══ Extracted material ══
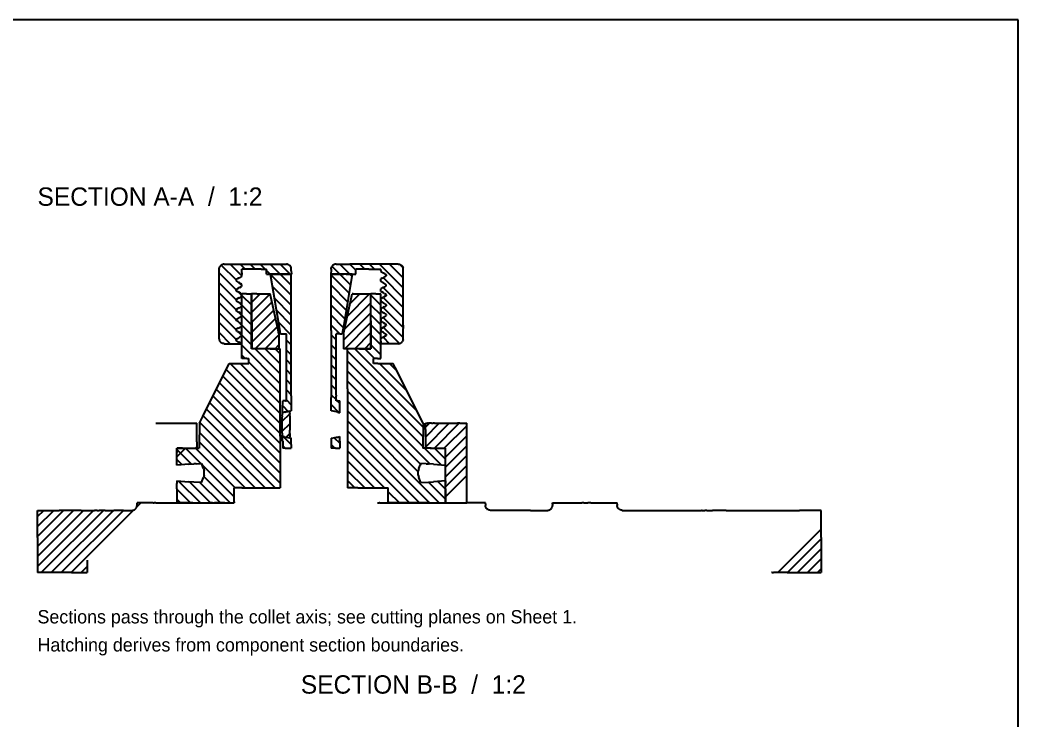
# Model space of a CAD drawing. Header units: millimetres. Extents: x 8 to 862, y 8 to 289.
# Drawn here: x 661.7 to 862.2, y 148.5 to 289.2 of the extents above; entities that cross this region are included whole.
import ezdxf

# ---------------------------------------------------------------- set-up
doc = ezdxf.new("R2010")
doc.units = ezdxf.units.MM
for name, color, linetype in [('BORDER', 7, 'Continuous'), ('HATCH', 8, 'Continuous'), ('NOTES', 7, 'Continuous'), ('OUTLINE', 7, 'Continuous')]:
    doc.layers.add(name, color=color, linetype=linetype)

msp = doc.modelspace()

# ---------------------------------------------------------------- linework, layer by layer
at = {"layer": 'BORDER'}
for p, q in [((862.24, 289.24), (457.76, 289.24)), ((862.24, 7.76), (862.24, 289.24))]:
    msp.add_line(p, q, dxfattribs=at)
at = {"layer": 'HATCH'}
for p, q in [((702.13, 239.97), (705.12, 236.98)), ((703.94, 240.15), (706.21, 237.89)), ((705.94, 240.15), (706.94, 239.15)), ((707.94, 240.15), (708.94, 239.15)), ((709.94, 240.15), (710.94, 239.15)), ((711.21, 238.89), (711.94, 238.15)), ((711.94, 240.15), (713.94, 238.15)), ((713.94, 240.15), (715.94, 238.15)), ((724.37, 239.72), (725.94, 238.15)), ((725.94, 240.15), (727.94, 238.15)), ((727.94, 240.15), (729.17, 238.93)), ((729.94, 240.15), (730.94, 239.15)), ((731.94, 240.15), (732.94, 239.15)), ((733.94, 240.15), (738.68, 235.41)), ((735.94, 240.15), (738.68, 237.42)), ((738.01, 240.09), (738.62, 239.48)), ((701.7, 238.4), (705.13, 234.97)), ((711.95, 238.15), (716.2, 233.9)), ((713.94, 238.15), (716.2, 235.9)), ((715.94, 238.15), (716.2, 237.9)), ((724.19, 237.91), (727.79, 234.3)), ((725.94, 238.15), (728.08, 236.02)), ((727.94, 238.15), (728.37, 237.73)), ((734.65, 237.45), (738.69, 233.41)), ((701.7, 236.4), (705.11, 232.98)), ((705.54, 236.56), (706.2, 235.9)), ((712.35, 235.75), (716.2, 231.9)), ((724.19, 235.91), (727.51, 232.59)), ((734.65, 235.44), (738.69, 231.41)), ((701.7, 234.4), (705.13, 230.97)), ((705.53, 234.56), (706.2, 233.9)), ((706.22, 233.87), (708.23, 231.87)), ((707.94, 234.15), (708.23, 233.87)), ((708.2, 230.41), (711.94, 234.15)), ((708.2, 232.41), (709.94, 234.15)), ((712.75, 233.35), (716.2, 229.9)), ((724.19, 233.91), (727.22, 230.87)), ((727.46, 229.67), (731.94, 234.15)), ((728.02, 232.23), (729.94, 234.15)), ((732.16, 233.93), (734.16, 231.93)), ((733.94, 234.15), (734.16, 233.93)), ((734.65, 233.45), (738.69, 229.41)), ((701.7, 232.4), (705.12, 228.98)), ((705.55, 232.55), (706.2, 231.9)), ((706.22, 231.87), (708.23, 229.87)), ((708.2, 228.41), (712.31, 232.52)), ((708.2, 226.41), (712.67, 230.88)), ((713.15, 230.95), (716.2, 227.9)), ((724.19, 231.91), (726.94, 229.16)), ((726.9, 227.11), (732.18, 232.39)), ((732.16, 231.93), (734.16, 229.93)), ((734.65, 231.44), (738.69, 227.41)), ((701.7, 230.39), (705.13, 226.97)), ((705.53, 230.56), (706.2, 229.9)), ((706.22, 229.87), (708.23, 227.87)), ((708.2, 224.41), (713.03, 229.24)), ((724.19, 229.91), (726.65, 227.44)), ((726.69, 224.9), (732.18, 230.39)), ((732.16, 229.93), (734.16, 227.93)), ((734.65, 229.44), (738.69, 225.41)), ((701.71, 228.39), (705.12, 224.97)), ((705.55, 228.55), (706.2, 227.9)), ((706.22, 227.87), (708.23, 225.87)), ((708.94, 223.15), (713.39, 227.6)), ((713.55, 228.55), (716.2, 225.9)), ((724.19, 227.91), (725.94, 226.15)), ((726.94, 223.15), (732.18, 228.39)), ((732.16, 227.93), (734.16, 225.93)), ((734.65, 227.45), (737.91, 224.18)), ((701.71, 226.39), (703.94, 224.15)), ((705.54, 226.56), (706.2, 225.9)), ((706.22, 225.87), (708.23, 223.87)), ((710.94, 223.15), (713.7, 225.91)), ((715.2, 224.89), (716.2, 223.9)), ((724.19, 225.91), (725.19, 224.91)), ((728.94, 223.15), (732.18, 226.39)), ((732.16, 225.93), (734.16, 223.93)), ((734.66, 225.44), (735.94, 224.15)), ((705.54, 224.56), (705.94, 224.15)), ((706.22, 223.87), (713.97, 216.12)), ((708.94, 223.15), (713.97, 218.12)), ((710.94, 223.15), (713.97, 220.12)), ((712.94, 223.15), (713.7, 223.91)), ((712.94, 223.15), (713.97, 222.12)), ((715.2, 222.89), (716.2, 221.9)), ((724.19, 223.91), (725.19, 222.91)), ((728.94, 223.15), (741.43, 210.66)), ((730.94, 223.15), (732.18, 224.39)), ((730.94, 223.15), (732.94, 221.15)), ((732.16, 223.93), (734.16, 221.93)), ((706.22, 221.87), (706.94, 221.15)), ((715.2, 220.89), (716.2, 219.9)), ((724.19, 221.91), (725.19, 220.91)), ((727.46, 222.63), (742.69, 207.41)), ((727.46, 220.63), (742.68, 205.42)), ((703.13, 218.97), (713.97, 208.12)), ((703.94, 220.15), (713.97, 210.12)), ((705.94, 220.15), (713.97, 212.12)), ((707.64, 220.45), (713.97, 214.12)), ((715.2, 218.89), (716.2, 217.9)), ((724.19, 219.91), (725.19, 218.91)), ((727.46, 218.63), (742.67, 203.43)), ((733.94, 220.15), (739.44, 214.66)), ((735.94, 220.15), (737.44, 218.66)), ((702.46, 217.64), (713.97, 206.12)), ((715.2, 216.89), (716.2, 215.9)), ((724.19, 217.91), (725.19, 216.91)), ((727.46, 216.63), (744.13, 199.96)), ((701.13, 214.97), (713.97, 202.12)), ((701.79, 216.3), (713.97, 204.12)), ((715.2, 214.89), (716.2, 213.9)), ((724.19, 215.91), (725.19, 214.91)), ((727.46, 214.63), (742.18, 199.92)), ((700.46, 213.64), (713.97, 200.12)), ((715.2, 212.89), (716.2, 211.9)), ((724.19, 213.91), (725.18, 212.91)), ((725.44, 212.65), (725.93, 212.16)), ((727.46, 212.63), (741.7, 198.4)), ((699.13, 210.97), (713.97, 196.12)), ((699.8, 212.3), (713.97, 198.12)), ((714.46, 211.64), (715.55, 210.55)), ((724.19, 211.91), (725.76, 210.34)), ((727.46, 210.63), (745.94, 192.15)), ((698.46, 209.63), (712.94, 195.15)), ((714.34, 208.55), (715.87, 210.08)), ((727.46, 208.63), (743.94, 192.15)), ((697.8, 208.3), (710.94, 195.15)), ((714.34, 206.55), (715.87, 208.08)), ((727.46, 206.63), (741.94, 192.15)), ((743.15, 203.36), (747.94, 208.15)), ((743.15, 205.36), (745.94, 208.15)), ((743.15, 207.36), (743.94, 208.15)), ((744.94, 203.15), (749.94, 208.15)), ((746.94, 203.15), (751.44, 207.65)), ((697.71, 206.38), (708.94, 195.15)), ((714.63, 205.46), (716.2, 203.9)), ((715.13, 205.34), (715.87, 206.08)), ((724.84, 205.26), (725.93, 204.17)), ((727.46, 204.63), (739.94, 192.15)), ((747.15, 201.36), (751.44, 205.65)), ((693.2, 201.41), (694.94, 203.15)), ((693.22, 202.88), (696.14, 199.96)), ((694.94, 203.15), (698.04, 200.06)), ((696.94, 203.15), (697.24, 203.44)), ((696.94, 203.15), (704.94, 195.15)), ((697.7, 204.4), (706.94, 195.15)), ((714.46, 203.64), (714.94, 203.15)), ((724.18, 203.91), (724.94, 203.15)), ((727.46, 202.63), (734.94, 195.15)), ((742.94, 203.15), (746.3, 199.8)), ((744.94, 203.15), (747.18, 200.92)), ((746.94, 203.15), (747.17, 202.93)), ((747.15, 199.36), (751.44, 203.65)), ((693.21, 200.89), (694.28, 199.81)), ((727.46, 200.63), (732.94, 195.15)), ((747.15, 197.36), (751.44, 201.65)), ((698.24, 199.86), (704.7, 193.39)), ((727.46, 198.63), (730.94, 195.15)), ((747.15, 195.36), (751.44, 199.65)), ((698.62, 197.48), (703.94, 192.15)), ((727.46, 196.63), (728.94, 195.15)), ((747.15, 193.36), (751.44, 197.65)), ((693.22, 194.88), (695.94, 192.15)), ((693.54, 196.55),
═══
Problem: Nothing should appear in the answer except the lines from the first line of the data through the line holding "layer by layer", exactly as written, with pictures left out.

Response to the exercise:
# Model space of a CAD drawing. Header units: millimetres. Extents: x 8 to 862, y 8 to 289.
# Drawn here: x 661.7 to 862.2, y 148.5 to 289.2 of the extents above; entities that cross this region are included whole.
import ezdxf

# ---------------------------------------------------------------- set-up
doc = ezdxf.new("R2010")
doc.units = ezdxf.units.MM
for name, color, linetype in [('BORDER', 7, 'Continuous'), ('HATCH', 8, 'Continuous'), ('NOTES', 7, 'Continuous'), ('OUTLINE', 7, 'Continuous')]:
    doc.layers.add(name, color=color, linetype=linetype)

msp = doc.modelspace()

# ---------------------------------------------------------------- linework, layer by layer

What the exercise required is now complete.